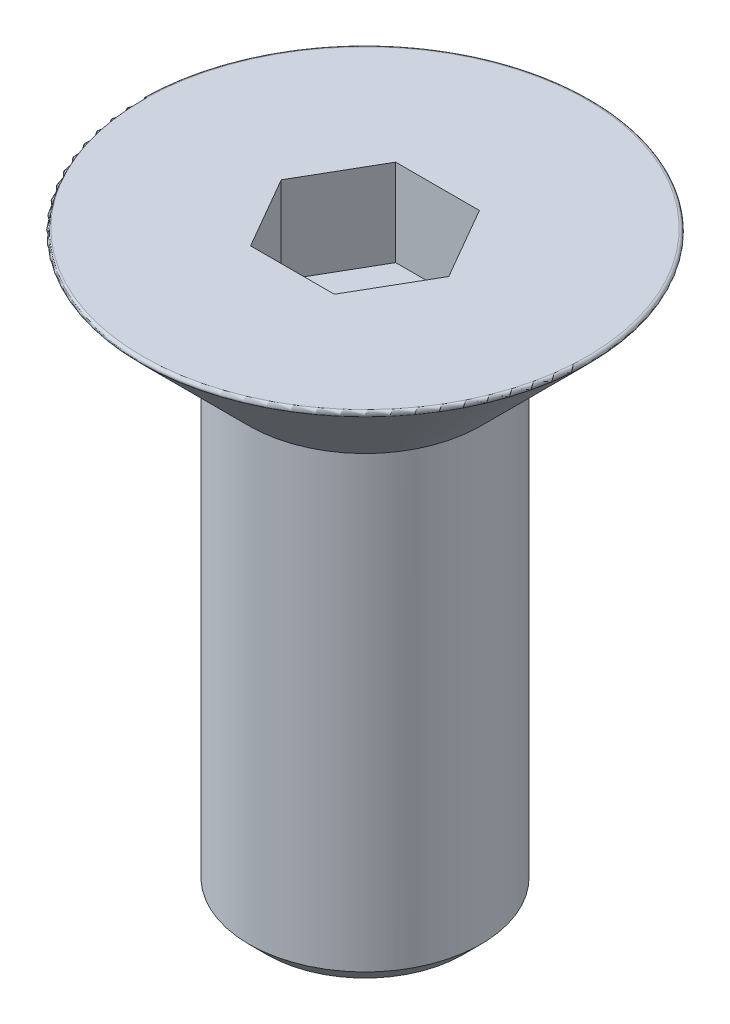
from build123d import *

# Parameters (mm, degrees)
ENL_V_MAT_EXTRU_1_DEPTH = 3
CHANFREIN1_SIZE         = 0.625
CONG_1_R                = 0.1


with BuildPart() as part:
    # Esquisse1 → Base-R_volution (revolve)
    with BuildSketch(Plane.XY, mode=Mode.PRIVATE) as base_r_volution_sk:
        Polygon((0, 0), (7.9, 0), (4, -3.9), (4, -20), (0, -20), align=None)
    revolve(base_r_volution_sk.sketch.rotate(Axis((0, 18.020251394, 0), (0, -1, 0)), 90), axis=Axis((0, 18.020251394, 0), (0, -1, 0)))

    # Esquisse2 → Enl_v. mat.-Extru.1 (cut)
    with BuildSketch(Plane(origin=(-0.418409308, 0, 2.094233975), x_dir=(-1, 0, 0), z_dir=(0, 1, 0))):
        Polygon((1.024966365, 0.405766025), (2.468342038, -2.094233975), (1.024966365, -4.594233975), (-1.861784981, -4.594233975), (-3.305160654, -2.094233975), (-1.861784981, 0.405766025), align=None)
    extrude(amount=-ENL_V_MAT_EXTRU_1_DEPTH, mode=Mode.SUBTRACT)

    # Chanfrein1
    chanfrein1_edges = [part.edges().sort_by_distance(p)[0] for p in [
        (0, -20, -4),
    ]]
    chamfer(chanfrein1_edges, length=CHANFREIN1_SIZE)

    # Cong_1
    cong_1_edges = [part.edges().sort_by_distance(p)[0] for p in [
        (0, 0, -7.9),
    ]]
    fillet(cong_1_edges, radius=CONG_1_R)


solid = part.part
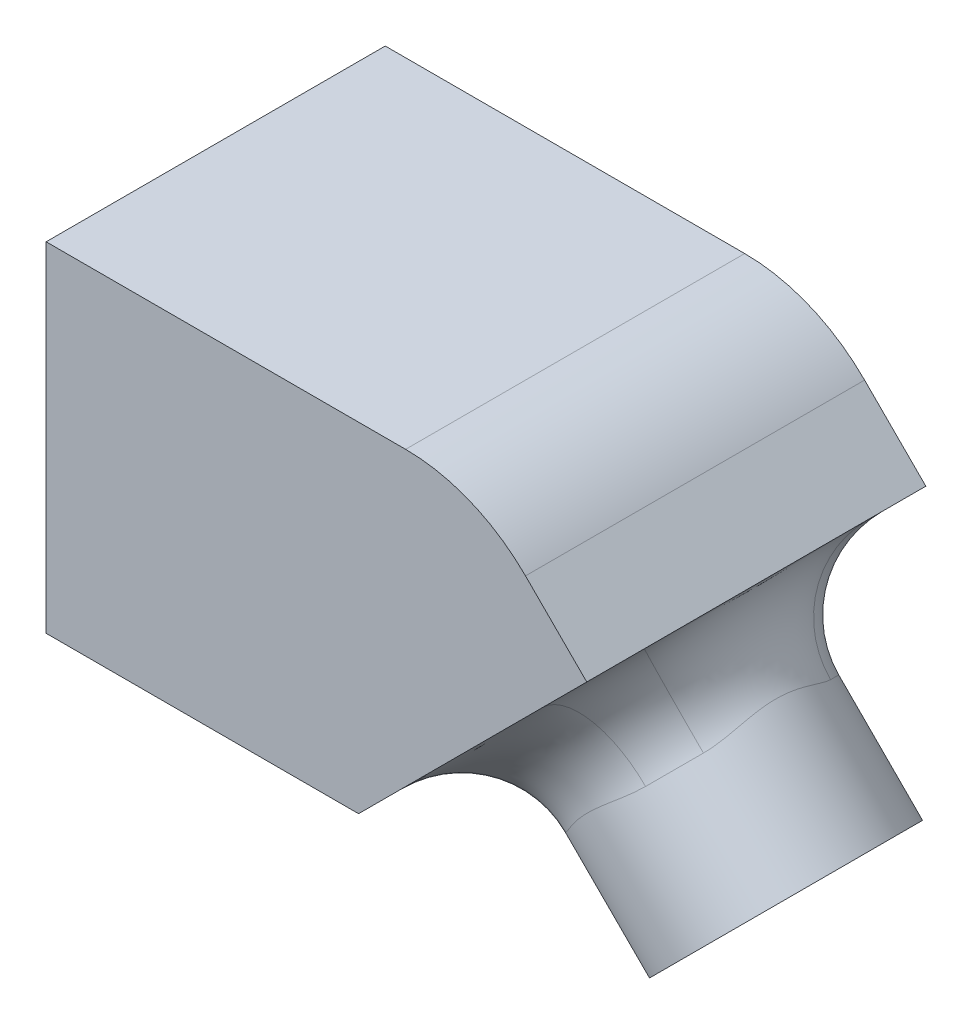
ISO-10303-21;
HEADER;
FILE_DESCRIPTION(('STEP AP214'),'2;1');
FILE_NAME('part.step','',(''),(''),'','','');
FILE_SCHEMA(('AUTOMOTIVE_DESIGN { 1 0 10303 214 1 1 1 1 }'));
ENDSEC;
DATA;
#1=APPLICATION_CONTEXT('core data for automotive mechanical design processes');
#2=APPLICATION_PROTOCOL_DEFINITION('international standard','automotive_design',2000,#1);
#3=PRODUCT_CONTEXT('',#1,'mechanical');
#4=PRODUCT('Part','Part','',(#3));
#5=PRODUCT_RELATED_PRODUCT_CATEGORY('part','',(#4));
#6=PRODUCT_DEFINITION_FORMATION('','',#4);
#7=PRODUCT_DEFINITION_CONTEXT('part definition',#1,'design');
#8=PRODUCT_DEFINITION('design','',#6,#7);
#9=PRODUCT_DEFINITION_SHAPE('','',#8);
#10=(LENGTH_UNIT() NAMED_UNIT(*) SI_UNIT(.MILLI.,.METRE.));
#11=(NAMED_UNIT(*) PLANE_ANGLE_UNIT() SI_UNIT($,.RADIAN.));
#12=(NAMED_UNIT(*) SI_UNIT($,.STERADIAN.) SOLID_ANGLE_UNIT());
#13=UNCERTAINTY_MEASURE_WITH_UNIT(LENGTH_MEASURE(1.E-05),#10,'distance_accuracy_value','');
#14=(GEOMETRIC_REPRESENTATION_CONTEXT(3) GLOBAL_UNCERTAINTY_ASSIGNED_CONTEXT((#13)) GLOBAL_UNIT_ASSIGNED_CONTEXT((#10,
#11,#12)) REPRESENTATION_CONTEXT('',''));
#15=CARTESIAN_POINT('',(0.,0.,0.));
#16=DIRECTION('',(0.,0.,1.));
#17=DIRECTION('',(1.,0.,0.));
#18=AXIS2_PLACEMENT_3D('',#15,#16,#17);
#19=CARTESIAN_POINT('',(31.8849128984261,13.4581516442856,20.));
#20=DIRECTION('',(-0.707106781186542,0.707106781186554,0.));
#21=DIRECTION('',(-0.707106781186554,-0.707106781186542,0.));
#22=AXIS2_PLACEMENT_3D('',#19,#20,#21);
#23=PLANE('',#22);
#24=DIRECTION('',(0.,0.,-1.));
#25=VECTOR('',#24,1.);
#26=CARTESIAN_POINT('',(31.8849128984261,13.4581516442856,20.));
#27=LINE('',#26,#25);
#28=CARTESIAN_POINT('',(31.8849128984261,13.4581516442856,3.40449096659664));
#29=VERTEX_POINT('',#28);
#30=CARTESIAN_POINT('',(31.8849128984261,13.4581516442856,0.));
#31=VERTEX_POINT('',#30);
#32=EDGE_CURVE('E159',#29,#31,#27,.T.);
#33=ORIENTED_EDGE('',*,*,#32,.F.);
#34=CARTESIAN_POINT('',(25.1558370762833,6.72907582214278,10.));
#35=DIRECTION('',(-0.707106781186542,0.707106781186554,0.));
#36=DIRECTION('',(-0.707106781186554,-0.707106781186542,0.));
#37=AXIS2_PLACEMENT_3D('',#34,#35,#36);
#38=CIRCLE('',#37,11.5785);
#39=CARTESIAN_POINT('',(29.2826798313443,10.8559185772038,0.));
#40=VERTEX_POINT('',#39);
#41=EDGE_CURVE('E10',#29,#40,#38,.T.);
#42=ORIENTED_EDGE('',*,*,#41,.T.);
#43=DIRECTION('',(0.707106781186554,0.707106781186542,0.));
#44=VECTOR('',#43,1.);
#45=CARTESIAN_POINT('',(31.8849128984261,13.4581516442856,0.));
#46=LINE('',#45,#44);
#47=EDGE_CURVE('E185',#40,#31,#46,.T.);
#48=ORIENTED_EDGE('',*,*,#47,.T.);
#49=EDGE_LOOP('',(#33,#42,#48));
#50=FACE_BOUND('',#49,.T.);
#51=ADVANCED_FACE('F16',(#50),#23,.F.);
#52=CARTESIAN_POINT('',(18.4267612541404,0.,0.));
#53=VERTEX_POINT('',#52);
#54=CARTESIAN_POINT('',(21.0289943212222,2.60223306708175,0.));
#55=VERTEX_POINT('',#54);
#56=EDGE_CURVE('E182',#53,#55,#46,.T.);
#57=ORIENTED_EDGE('',*,*,#56,.T.);
#58=CARTESIAN_POINT('',(25.1558370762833,6.72907582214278,10.));
#59=DIRECTION('',(-0.707106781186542,0.707106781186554,0.));
#60=DIRECTION('',(-0.707106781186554,-0.707106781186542,0.));
#61=AXIS2_PLACEMENT_3D('',#58,#59,#60);
#62=CIRCLE('',#61,11.5785);
#63=CARTESIAN_POINT('',(18.4267612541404,0.,3.40449096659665));
#64=VERTEX_POINT('',#63);
#65=EDGE_CURVE('E29',#55,#64,#62,.T.);
#66=ORIENTED_EDGE('',*,*,#65,.T.);
#67=DIRECTION('',(0.,0.,-1.));
#68=VECTOR('',#67,1.);
#69=CARTESIAN_POINT('',(18.4267612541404,0.,20.));
#70=LINE('',#69,#68);
#71=EDGE_CURVE('E150',#64,#53,#70,.T.);
#72=ORIENTED_EDGE('',*,*,#71,.T.);
#73=EDGE_LOOP('',(#57,#66,#72));
#74=FACE_BOUND('',#73,.T.);
#75=ADVANCED_FACE('F275',(#74),#23,.F.);
#76=CARTESIAN_POINT('',(18.4267612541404,0.,20.));
#77=VERTEX_POINT('',#76);
#78=CARTESIAN_POINT('',(18.4267612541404,0.,16.5955090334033));
#79=VERTEX_POINT('',#78);
#80=EDGE_CURVE('E125',#77,#79,#70,.T.);
#81=ORIENTED_EDGE('',*,*,#80,.T.);
#82=CARTESIAN_POINT('',(25.1558370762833,6.72907582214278,10.));
#83=DIRECTION('',(-0.707106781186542,0.707106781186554,0.));
#84=DIRECTION('',(-0.707106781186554,-0.707106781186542,0.));
#85=AXIS2_PLACEMENT_3D('',#82,#83,#84);
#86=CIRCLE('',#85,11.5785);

Goal of the exercise - Write out the whole listing exactly as it appears, and omit the pictures.

Exercise output -
from build123d import *

# Parameters (mm, degrees)
ENL_V_MAT_EXTRU_1_DEPTH = 3
CHANFREIN1_SIZE         = 0.625
CONG_1_R                = 0.1


with BuildPart() as part:
    # Esquisse1 → Base-R_volution (revolve)
    with BuildSketch(Plane.XY, mode=Mode.PRIVATE) as base_r_volution_sk:
        Polygon((0, 0), (7.9, 0), (4, -3.9), (4, -20), (0, -20), align=None)
    revolve(base_r_volution_sk.sketch.rotate(Axis((0, 18.020251394, 0), (0, -1, 0)), 90), axis=Axis((0, 18.020251394, 0), (0, -1, 0)))

    # Esquisse2 → Enl_v. mat.-Extru.1 (cut)
    with BuildSketch(Plane(origin=(-0.418409308, 0, 2.094233975), x_dir=(-1, 0, 0), z_dir=(0, 1, 0))):
        Polygon((1.024966365, 0.405766025), (2.468342038, -2.094233975), (1.024966365, -4.594233975), (-1.861784981, -4.594233975), (-3.305160654, -2.094233975), (-1.861784981, 0.405766025), align=None)
    extrude(amount=-ENL_V_MAT_EXTRU_1_DEPTH, mode=Mode.SUBTRACT)

    # Chanfrein1
    chanfrein1_edges = [part.edges().sort_by_distance(p)[0] for p in [
        (0, -20, -4),
    ]]
    chamfer(chanfrein1_edges, length=CHANFREIN1_SIZE)

    # Cong_1
    cong_1_edges = [part.edges().sort_by_distance(p)[0] for p in [
        (0, 0, -7.9),
    ]]
    fillet(cong_1_edges, radius=CONG_1_R)


solid = part.part
ISO-10303-21;
HEADER;
FILE_DESCRIPTION(('STEP AP214'),'2;1');
FILE_NAME('part.step','',(''),(''),'','','');
FILE_SCHEMA(('AUTOMOTIVE_DESIGN { 1 0 10303 214 1 1 1 1 }'));
ENDSEC;
DATA;
#1=APPLICATION_CONTEXT('core data for automotive mechanical design processes');
#2=APPLICATION_PROTOCOL_DEFINITION('international standard','automotive_design',2000,#1);
#3=PRODUCT_CONTEXT('',#1,'mechanical');
#4=PRODUCT('Part','Part','',(#3));
#5=PRODUCT_RELATED_PRODUCT_CATEGORY('part','',(#4));
#6=PRODUCT_DEFINITION_FORMATION('','',#4);
#7=PRODUCT_DEFINITION_CONTEXT('part definition',#1,'design');
#8=PRODUCT_DEFINITION('design','',#6,#7);
#9=PRODUCT_DEFINITION_SHAPE('','',#8);
#10=(LENGTH_UNIT() NAMED_UNIT(*) SI_UNIT(.MILLI.,.METRE.));
#11=(NAMED_UNIT(*) PLANE_ANGLE_UNIT() SI_UNIT($,.RADIAN.));
#12=(NAMED_UNIT(*) SI_UNIT($,.STERADIAN.) SOLID_ANGLE_UNIT());
#13=UNCERTAINTY_MEASURE_WITH_UNIT(LENGTH_MEASURE(1.E-05),#10,'distance_accuracy_value','');
#14=(GEOMETRIC_REPRESENTATION_CONTEXT(3) GLOBAL_UNCERTAINTY_ASSIGNED_CONTEXT((#13)) GLOBAL_UNIT_ASSIGNED_CONTEXT((#10,
#11,#12)) REPRESENTATION_CONTEXT('',''));
#15=CARTESIAN_POINT('',(0.,0.,0.));
#16=DIRECTION('',(0.,0.,1.));
#17=DIRECTION('',(1.,0.,0.));
#18=AXIS2_PLACEMENT_3D('',#15,#16,#17);
#19=CARTESIAN_POINT('',(31.8849128984261,13.4581516442856,20.));
#20=DIRECTION('',(-0.707106781186542,0.707106781186554,0.));
#21=DIRECTION('',(-0.707106781186554,-0.707106781186542,0.));
#22=AXIS2_PLACEMENT_3D('',#19,#20,#21);
#23=PLANE('',#22);
#24=DIRECTION('',(0.,0.,-1.));
#25=VECTOR('',#24,1.);
#26=CARTESIAN_POINT('',(31.8849128984261,13.4581516442856,20.));
#27=LINE('',#26,#25);
#28=CARTESIAN_POINT('',(31.8849128984261,13.4581516442856,3.40449096659664));
#29=VERTEX_POINT('',#28);
#30=CARTESIAN_POINT('',(31.8849128984261,13.4581516442856,0.));
#31=VERTEX_POINT('',#30);
#32=EDGE_CURVE('E159',#29,#31,#27,.T.);
#33=ORIENTED_EDGE('',*,*,#32,.F.);
#34=CARTESIAN_POINT('',(25.1558370762833,6.72907582214278,10.));
#35=DIRECTION('',(-0.707106781186542,0.707106781186554,0.));
#36=DIRECTION('',(-0.707106781186554,-0.707106781186542,0.));
#37=AXIS2_PLACEMENT_3D('',#34,#35,#36);
#38=CIRCLE('',#37,11.5785);
#39=CARTESIAN_POINT('',(29.2826798313443,10.8559185772038,0.));
#40=VERTEX_POINT('',#39);
#41=EDGE_CURVE('E10',#29,#40,#38,.T.);
#42=ORIENTED_EDGE('',*,*,#41,.T.);
#43=DIRECTION('',(0.707106781186554,0.707106781186542,0.));
#44=VECTOR('',#43,1.);
#45=CARTESIAN_POINT('',(31.8849128984261,13.4581516442856,0.));
#46=LINE('',#45,#44);
#47=EDGE_CURVE('E185',#40,#31,#46,.T.);
#48=ORIENTED_EDGE('',*,*,#47,.T.);
#49=EDGE_LOOP('',(#33,#42,#48));
#50=FACE_BOUND('',#49,.T.);
#51=ADVANCED_FACE('F16',(#50),#23,.F.);
#52=CARTESIAN_POINT('',(18.4267612541404,0.,0.));
#53=VERTEX_POINT('',#52);
#54=CARTESIAN_POINT('',(21.0289943212222,2.60223306708175,0.));
#55=VERTEX_POINT('',#54);
#56=EDGE_CURVE('E182',#53,#55,#46,.T.);
#57=ORIENTED_EDGE('',*,*,#56,.T.);
#58=CARTESIAN_POINT('',(25.1558370762833,6.72907582214278,10.));
#59=DIRECTION('',(-0.707106781186542,0.707106781186554,0.));
#60=DIRECTION('',(-0.707106781186554,-0.707106781186542,0.));
#61=AXIS2_PLACEMENT_3D('',#58,#59,#60);
#62=CIRCLE('',#61,11.5785);
#63=CARTESIAN_POINT('',(18.4267612541404,0.,3.40449096659665));
#64=VERTEX_POINT('',#63);
#65=EDGE_CURVE('E29',#55,#64,#62,.T.);
#66=ORIENTED_EDGE('',*,*,#65,.T.);
#67=DIRECTION('',(0.,0.,-1.));
#68=VECTOR('',#67,1.);
#69=CARTESIAN_POINT('',(18.4267612541404,0.,20.));
#70=LINE('',#69,#68);
#71=EDGE_CURVE('E150',#64,#53,#70,.T.);
#72=ORIENTED_EDGE('',*,*,#71,.T.);
#73=EDGE_LOOP('',(#57,#66,#72));
#74=FACE_BOUND('',#73,.T.);
#75=ADVANCED_FACE('F275',(#74),#23,.F.);
#76=CARTESIAN_POINT('',(18.4267612541404,0.,20.));
#77=VERTEX_POINT('',#76);
#78=CARTESIAN_POINT('',(18.4267612541404,0.,16.5955090334033));
#79=VERTEX_POINT('',#78);
#80=EDGE_CURVE('E125',#77,#79,#70,.T.);
#81=ORIENTED_EDGE('',*,*,#80,.T.);
#82=CARTESIAN_POINT('',(25.1558370762833,6.72907582214278,10.));
#83=DIRECTION('',(-0.707106781186542,0.707106781186554,0.));
#84=DIRECTION('',(-0.707106781186554,-0.707106781186542,0.));
#85=AXIS2_PLACEMENT_3D('',#82,#83,#84);
#86=CIRCLE('',#85,11.5785);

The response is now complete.